(Requirement):
I would like each line of the data that holds the word "SimClock" copied out.

(Recorded data)
..............................

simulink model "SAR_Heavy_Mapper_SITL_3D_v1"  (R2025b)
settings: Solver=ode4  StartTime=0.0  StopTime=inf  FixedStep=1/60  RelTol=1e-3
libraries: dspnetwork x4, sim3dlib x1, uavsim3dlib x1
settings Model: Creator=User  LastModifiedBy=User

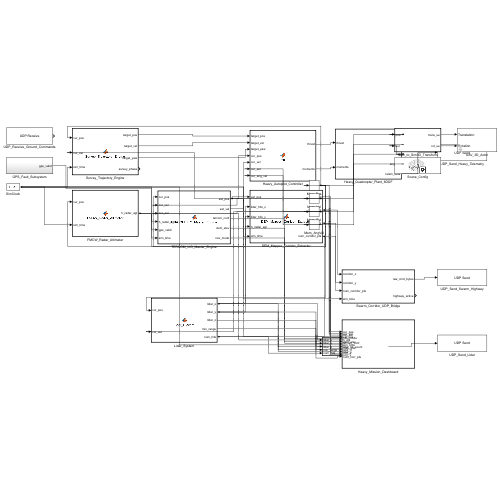
[thumbnail: Simulink's stored preview of the top-level diagram]
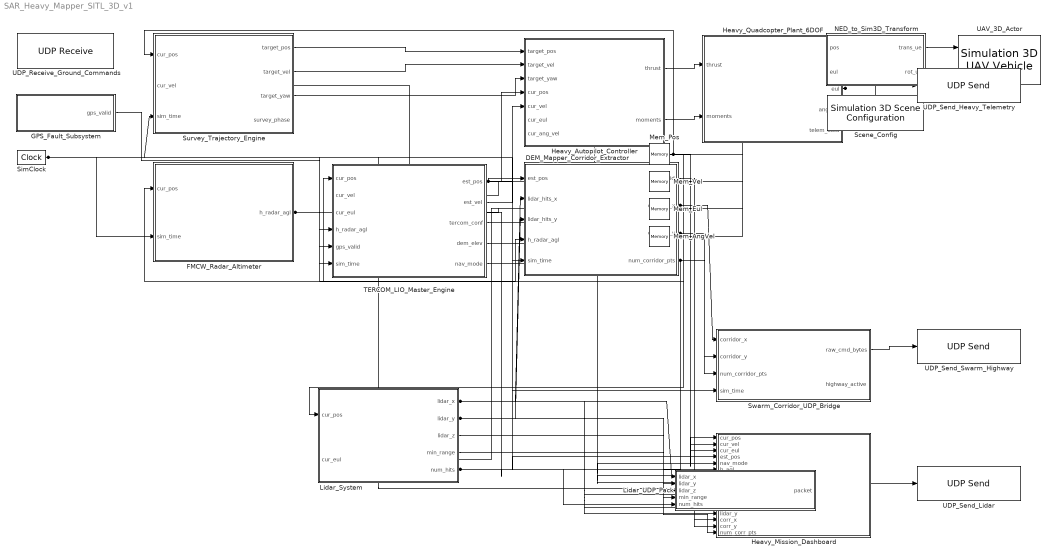
== system SAR_Heavy_Mapper_SITL_3D_v1 ==
  DEM_Mapper_Corridor_Extractor : MATLAB Function  TreatAsAtomicUnit=on
  FMCW_Radar_Altimeter : MATLAB Function  TreatAsAtomicUnit=on
  GPS_Fault_Subsystem : Subsystem
  Heavy_Autopilot_Controller : MATLAB Function  TreatAsAtomicUnit=on
  Heavy_Mission_Dashboard : MATLAB Function  TreatAsAtomicUnit=on
  Heavy_Quadcopter_Plant_6DOF : MATLAB Function  TreatAsAtomicUnit=on
  Lidar_System : MATLAB Function  TreatAsAtomicUnit=on
  Lidar_UDP_Pack : MATLAB Function  TreatAsAtomicUnit=on
  Mem_AngVel : Memory  InitialCondition=[0; 0; 0]
  Mem_Eul : Memory  InitialCondition=[0; 0; 0]
  Mem_Pos : Memory  InitialCondition=[0; 0; -70]
  Mem_Vel : Memory  InitialCondition=[0; 0; 0]
  NED_to_Sim3D_Transform : MATLAB Function  TreatAsAtomicUnit=on
  Scene_Config : sim3dlib/Simulation 3D Scene Configuration  Priority=0  ProjectFormat=Default Scenes  SceneDesc=US city block  ProjectName=D:\MLAB\toolbox\shared\sim3d_projects\automotive_project_windows\UE\WindowsNoEditor\VehicleSimulation.exe  ScenePath=/Game/Maps/USCityBlock  EnableOpenDRIVE=off  vehTagList={'Custom';'Scene Origin'}  vehTag=Scene Origin  AttachedCameraRelativeTranslation=[0 0 0]  FreeCameraDefaultInitialTranslation=[-6, 0, 2]  AttachedCameraRelativeRotation=[0 0 0]  FreeCameraDefaultInitialRotation=[0, -15, 0]  ViewpointName=Custom  FreeCameraInitialTranslation=[0, 0, 0]  ViewpointTranslation=[0, 0, 0]  FreeCameraInitialRotation=[0, 0, 0]  ViewpointRotation=[0, 0, 0]  OpVisEn=off  Ts=1/60  EnableWindow=on  EnableRemoteAccess=off  EnableWeather=off  SunAzimuth=90  SunAltitude=40.0  EnableGeospatialSun=off  Latitude=0  Longitude=0  Date=2023-01-01  Time=10:30:00  GeoTimeZone=-5.0  SunDaylightSaving=off  wind=1  clouds=10  EnableVolumetricClouds=off  CloudCoverage=0  CloudAltitude=6  fog=0  rain=0  RaindropsEffect=off  SnowDensity=0  EnableGeospatial=off  TilesetSource=Earth terrain  UseTrueOrigin=off  OriginHeight=200  OriginLatitude=40.744652  OriginLongitude=-73.988864  MapStyle=Aerial  AdditionalAssetIDs=[]  UseAdvancedSunSky=off  SolarTime=11  TimeZone=-5  Day=21  Month=9  Year=2022  UseDaylightSavingTime=on  DSTStartDay=10  DSTStartMonth=3  DSTEndDay=3  DSTEndMonth=11  DSTSwitchHour=2  sensorTag=MainCamera1  sensorId=1  sensorName=MainCamera1  mountLoc=Origin  offsetFlag=off  tmountOffset=[0, 0, 0]  rmountOffset=[0, 0, 0]  HorizontalResolution=1280  VerticalResolution=720  HorizontalFOV=60  mountPoint=[0 0 0]  mountOrientation=[0 0 0]  aMode=4  ID=1  GeoTrigger=Inactive  ViewNameList={'Custom'}  ViewTranslationList={'[0 0 0]'}  ViewRotationList={'[0 0 0]'}
      settings: LibrarySourceBlock=uavsim3dlib/Simulation 3D Scene Configuration
  SimClock : DigitalClock  SampleTime=1/60
  Survey_Trajectory_Engine : MATLAB Function  TreatAsAtomicUnit=on
  Swarm_Corridor_UDP_Bridge : MATLAB Function  TreatAsAtomicUnit=on
  TERCOM_LIO_Master_Engine : MATLAB Function  TreatAsAtomicUnit=on
  UAV_3D_Actor : uavsim3dlib/Simulation 3D UAV Vehicle  Priority=-1  Mesh=Quadrotor  MeshPath=/MathWorksUAVContent/UAVs/HexaRotorUAV/HexaRotor.HexaRotor  Color=Black  ActorName=SimulinkVehicle1  UseGlobalFrame=off  InitialTranslation=[0 0 0]  InitialRotation=[0 0 0]  InitialTranslationGlobal=[0 0 0]  InitialGeoOrigin=[0 0 0]  InitialRotationGlobal=[0 0 0]  SampleTime=-1  ActorType=SimulinkVehicle  ID=1  aMode=4  ActorTag=SimulinkVehicle1
  UDP_Receive_Ground_Commands : dspnetwork/UDP Receive  localURL='0.0.0.0'  localPort=6001  remoteURL='0.0.0.0'  remotePort=-1  recvBufferSize=8192  dims=255  signalDatatype=uint8  isComplex=off  isVarSize=on  showBlockingTime=off  blockingTime=0  sampletime=1  blockPlatform=[]
  UDP_Send_Heavy_Telemetry : dspnetwork/UDP Send  remoteURL='127.0.0.1'  remotePort=6002  localURL='0.0.0.0'  localPortSource=Automatically determine  localPort=2048  sendBufferSize=8192  sampletime=-1  blockPlatform=[]  separateLengthPort=0
  UDP_Send_Lidar : dspnetwork/UDP Send  remoteURL='127.0.0.1'  remotePort=5003  localURL='0.0.0.0'  localPortSource=Automatically determine  localPort=2048  sendBufferSize=8192  sampletime=-1  blockPlatform=[]  separateLengthPort=0
  UDP_Send_Swarm_Highway : dspnetwork/UDP Send  remoteURL='127.0.0.1'  remotePort=5001  localURL='0.0.0.0'  localPortSource=Automatically determine  localPort=2048  sendBufferSize=8192  sampletime=-1  blockPlatform=[]  separateLengthPort=0
  wires:
  Mem_Pos/1 -> Survey_Trajectory_Engine/1(cur_pos), FMCW_Radar_Altimeter/1(cur_pos), TERCOM_LIO_Master_Engine/1(cur_pos), Lidar_System/1(cur_pos), Heavy_Mission_Dashboard/1(cur_pos)
  Mem_Vel/1 -> Survey_Trajectory_Engine/2(cur_vel), TERCOM_LIO_Master_Engine/2(cur_vel), Heavy_Mission_Dashboard/2(cur_vel)
  SimClock/1 -> Survey_Trajectory_Engine/3(sim_time), FMCW_Radar_Altimeter/2(sim_time), TERCOM_LIO_Master_Engine/6(sim_time), DEM_Mapper_Corridor_Extractor/5(sim_time), Swarm_Corridor_UDP_Bridge/4(sim_time), Heavy_Mission_Dashboard/9(sim_time)
  Mem_Eul/1 -> TERCOM_LIO_Master_Engine/3(cur_eul), Lidar_System/2(cur_eul), Heavy_Autopilot_Controller/6(cur_eul), Heavy_Mission_Dashboard/3(cur_eul)
  FMCW_Radar_Altimeter/1(h_radar_agl) -> TERCOM_LIO_Master_Engine/4(h_radar_agl), DEM_Mapper_Corridor_Extractor/4(h_radar_agl), Heavy_Mission_Dashboard/6(h_agl)
  GPS_Fault_Subsystem/1(gps_valid) -> TERCOM_LIO_Master_Engine/5(gps_valid)
  Lidar_System/1(lidar_x) -> Lidar_UDP_Pack/1(lidar_x), DEM_Mapper_Corridor_Extractor/2(lidar_hits_x), Heavy_Mission_Dashboard/12(lidar_x)
  Lidar_System/2(lidar_y) -> Lidar_UDP_Pack/2(lidar_y), DEM_Mapper_Corridor_Extractor/3(lidar_hits_y), Heavy_Mission_Dashboard/13(lidar_y)
  Lidar_System/3(lidar_z) -> Lidar_UDP_Pack/3(lidar_z)
  Lidar_System/4(min_range) -> Lidar_UDP_Pack/4(min_range)
  Lidar_System/5(num_hits) -> Lidar_UDP_Pack/5(num_hits), Heavy_Mission_Dashboard/10(lidar_hit_count)
  Lidar_UDP_Pack/1(packet) -> UDP_Send_Lidar/1
  TERCOM_LIO_Master_Engine/1(est_pos) -> DEM_Mapper_Corridor_Extractor/1(est_pos), Heavy_Autopilot_Controller/4(cur_pos), Heavy_Mission_Dashboard/4(est_pos)
  DEM_Mapper_Corridor_Extractor/2(corridor_x) -> Swarm_Corridor_UDP_Bridge/1(corridor_x), Heavy_Mission_Dashboard/14(corr_x)
  DEM_Mapper_Corridor_Extractor/3(corridor_y) -> Swarm_Corridor_UDP_Bridge/2(corridor_y), Heavy_Mission_Dashboard/15(corr_y)
  DEM_Mapper_Corridor_Extractor/4(num_corridor_pts) -> Swarm_Corridor_UDP_Bridge/3(num_corridor_pts), Heavy_Mission_Dashboard/16(num_corr_pts)
  Swarm_Corridor_UDP_Bridge/1(raw_cmd_bytes) -> UDP_Send_Swarm_Highway/1
  Survey_Trajectory_Engine/1(target_pos) -> Heavy_Autopilot_Controller/1(target_pos)
  Survey_Trajectory_Engine/2(target_vel) -> Heavy_Autopilot_Controller/2(target_vel)
  Survey_Trajectory_Engine/3(target_yaw) -> Heavy_Autopilot_Controller/3(target_yaw)
  TERCOM_LIO_Master_Engine/2(est_vel) -> Heavy_Autopilot_Controller/5(cur_vel)
  Mem_AngVel/1 -> Heavy_Autopilot_Controller/7(cur_ang_vel)
  Heavy_Autopilot_Controller/1(thrust) -> Heavy_Quadcopter_Plant_6DOF/1(thrust)
  Heavy_Autopilot_Controller/2(moments) -> Heavy_Quadcopter_Plant_6DOF/2(moments)
  Heavy_Quadcopter_Plant_6DOF/1(pos) -> Mem_Pos/1, NED_to_Sim3D_Transform/1(pos)
  Heavy_Quadcopter_Plant_6DOF/2(vel) -> Mem_Vel/1
  Heavy_Quadcopter_Plant_6DOF/3(eul) -> Mem_Eul/1, NED_to_Sim3D_Transform/2(eul)
  Heavy_Quadcopter_Plant_6DOF/4(ang_vel) -> Mem_AngVel/1
  Heavy_Quadcopter_Plant_6DOF/5(telem_data) -> UDP_Send_Heavy_Telemetry/1
  NED_to_Sim3D_Transform/1(trans_ue) -> UAV_3D_Actor/1
  NED_to_Sim3D_Transform/2(rot_ue) -> UAV_3D_Actor/2
  TERCOM_LIO_Master_Engine/5(nav_mode) -> Heavy_Mission_Dashboard/5(nav_mode)
  TERCOM_LIO_Master_Engine/4(dem_elev) -> Heavy_Mission_Dashboard/7(dem_elev)
  TERCOM_LIO_Master_Engine/3(tercom_conf) -> Heavy_Mission_Dashboard/8(tercom_conf)
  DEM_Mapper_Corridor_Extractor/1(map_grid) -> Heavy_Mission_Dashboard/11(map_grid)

..............................

(Output of the exercise):
  SimClock : DigitalClock  SampleTime=1/60
  SimClock/1 -> Survey_Trajectory_Engine/3(sim_time), FMCW_Radar_Altimeter/2(sim_time), TERCOM_LIO_Master_Engine/6(sim_time), DEM_Mapper_Corridor_Extractor/5(sim_time), Swarm_Corridor_UDP_Bridge/4(sim_time), Heavy_Mission_Dashboard/9(sim_time)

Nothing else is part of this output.